What a piece of quartz or a dinosaur's bone can tell about colonial practices of silencing the past.
During the imperial era, museums played a pivotal role in the often violent extraction of cultural heritage, natural specimens, and raw materials. In the last decades, artists, scholars, and activists have critically assessed this history, calling on museums to engage with their colonial legacies and take a stance against racism.
Surrounded by thousands of rocks exhibited in the Mineral Hall of the Berlin Museum für Naturkunde, we ask ourselves: what histories can these objects tell us? In the next room, we can see one of the most controversial examples of natural history: the dinosaur skeleton of Brachiosaurus brancai.
We wonder: are the collection practices of minerals and fossils comparable? Who collected them? How did they end up in the museum? These questions direct our attention to the provenance of the objects and the entanglements between natural history, colonialism, and extractivism. Departing from the history of minerals, our four interventions explore different historical contexts of colonial extraction in Africa, from Zimbabwe, South Africa, and Namibia to Tanzania and Cameroon.
Drawing on pioneering work by Fred Wilson and Clémentine Deliss, this interactive workshop asks the question: What is not visible in this room?
PUBLIC WORKSHOP AT THE CAMPUS. PLEASE REGISTER.
This event will take place as part of the Berlin Science Week CAMPUS. Admission is free. Please reserve your one or two-day ticket here.
Information about the physical accessibility of the Museum für Naturkunde can be found here.
Lukas Fuchsgruber is an art historian at TU Berlin. His research focuses on digitization in museums, photo archives, and the history of the art market. Since 2020 he is part of the research network “Museum and Society – Mapping the Social”. His case study in the project focuses on the question of museums and data policy, especially on the design of interfaces and the production and dissemination of museum data. In 2021 he was part of an open source project that released an community oriented archive interface: cooArchi. He is a guest researcher at the Museum für Naturkunde Berlin.
Yann LeGall is a postdoctoral researcher on the DFG-AHRC funded project “The Restitution of Knowledge” at the Institute for Art Studies at TU Berlin. His current research investigates the colonial history of plunder, the enduring presence of spoils of war from so-called ‘punitive expeditions’ in European museums. This project is led in partnership with the University of Oxford and the Pitt-Rivers-Museum. His PhD thesis examined postcolonial memory cultures in the context of repatriation of ancestral remains to African communities and countries. He has been a member of Berlin Postkolonial since 2014. As a member of the initiative Postcolonial Potsdam, he co-developed an audio guide on traces of colonial history in Potsdam, a city where he also leads guided tours.

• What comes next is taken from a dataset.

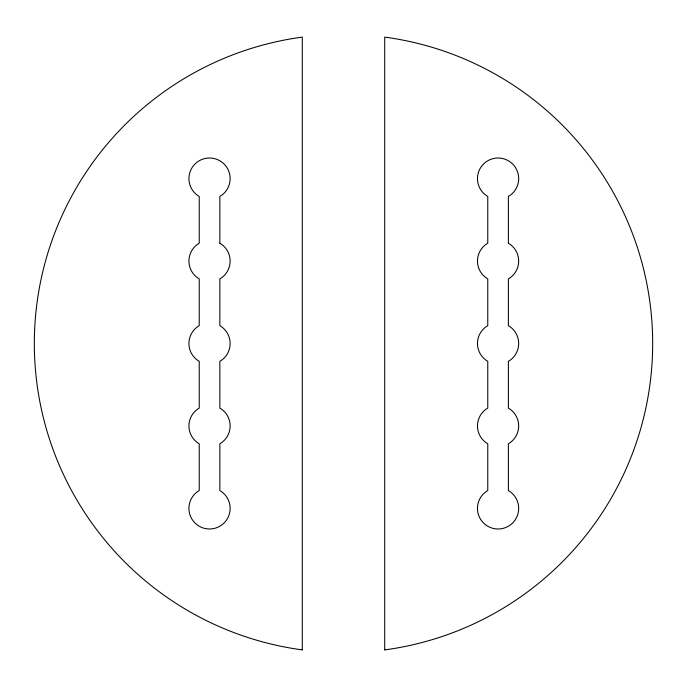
<?xml version="1.0" encoding="UTF-8"?>
<svg xmlns="http://www.w3.org/2000/svg" width="687" height="687" viewBox="0 0 687 687"><rect width="100%" height="100%" fill="white"/><g stroke="black" fill="none" stroke-linecap="round" stroke-linejoin="round"><path stroke-width="1.03" d="M508.38 243.215L508.38 196.465A20.61 20.61 0 0 0 513.867 165.369A20.61 20.61 0 0 0 482.283 165.369A20.61 20.61 0 0 0 487.77 196.465L487.77 243.215A20.61 20.61 0 0 0 487.77 278.905L487.77 325.655A20.61 20.61 0 0 0 487.77 361.345L487.77 408.095A20.61 20.61 0 0 0 487.77 443.785L487.77 490.535A20.61 20.61 0 0 0 482.283 521.631A20.61 20.61 0 0 0 513.867 521.631A20.61 20.61 0 0 0 508.38 490.535L508.38 443.785A20.61 20.61 0 0 0 508.38 408.095L508.38 361.345A20.61 20.61 0 0 0 508.38 325.655L508.38 278.905A20.61 20.61 0 0 0 508.38 243.215M384.72 649.893L384.72 37.107A309.15 309.15 0 0 1 384.72 649.893M302.28 649.893L302.28 37.107A309.15 309.15 0 0 0 302.28 649.893M219.84 243.215L219.84 196.465A20.61 20.61 0 0 0 225.327 165.369A20.61 20.61 0 0 0 193.743 165.369A20.61 20.61 0 0 0 199.23 196.465L199.23 243.215A20.61 20.61 0 0 0 199.23 278.905L199.23 325.655A20.61 20.61 0 0 0 199.23 361.345L199.23 408.095A20.61 20.61 0 0 0 199.23 443.785L199.23 490.535A20.61 20.61 0 0 0 193.743 521.631A20.61 20.61 0 0 0 225.327 521.631A20.61 20.61 0 0 0 219.84 490.535L219.84 443.785A20.61 20.61 0 0 0 219.84 408.095L219.84 361.345A20.61 20.61 0 0 0 219.84 325.655L219.84 278.905A20.61 20.61 0 0 0 219.84 243.215"/></g></svg>

Mareike Vennen is a cultural studies scholar. She is currently part of the research project “Museums and Society – Mapping the Social” at Technische Universität Berlin. Before, she held a Postdoc-position at Humboldt-Universität zu Berlin in the research project “Animals as Objects” (animalsasobjects.org) and has worked on the history of the Museum für Naturkunde’s Tendaguru Expedition. She gained her PhD at Bauhaus University of Weimar. Her work focuses on material and visual cultures of natural history, on practices and infrastructures of (colonial) collecting as well as political ecologies of urban natures.
Lennon Mhishi is a Project Researcher on the project “Reconnecting ‚Objects‘: Epistemic Plurality and Transformative Practices in and Beyond Museums”. The project is collaborating with partners in Oxford (UK), Cape Town (South Africa), Dakar (Senegal), Dschang (Cameroon) and Berlin (Germany) to, among other things, explore colonial collections and deliver two major exhibitions, opening simultaneously in Dakar and Oxford in 2024. He did his PhD at SOAS University of London. His work focused on the experiences of music and belonging amongst Zimbabweans, as part of the genealogy of African and Black expressive culture in the UK. He has recently been part of the Antislavery Knowledge Network at the University of Liverpool, working on how creative, art and heritage-based community-led approaches can be utilized in confronting contemporary forms of exploitation. This work has been through collaboration at different stages with partners and communities in Mali, Niger, Ghana, Uganda, Kenya, Nigeria, Sierra Leone and the Democratic Republic of the Congo.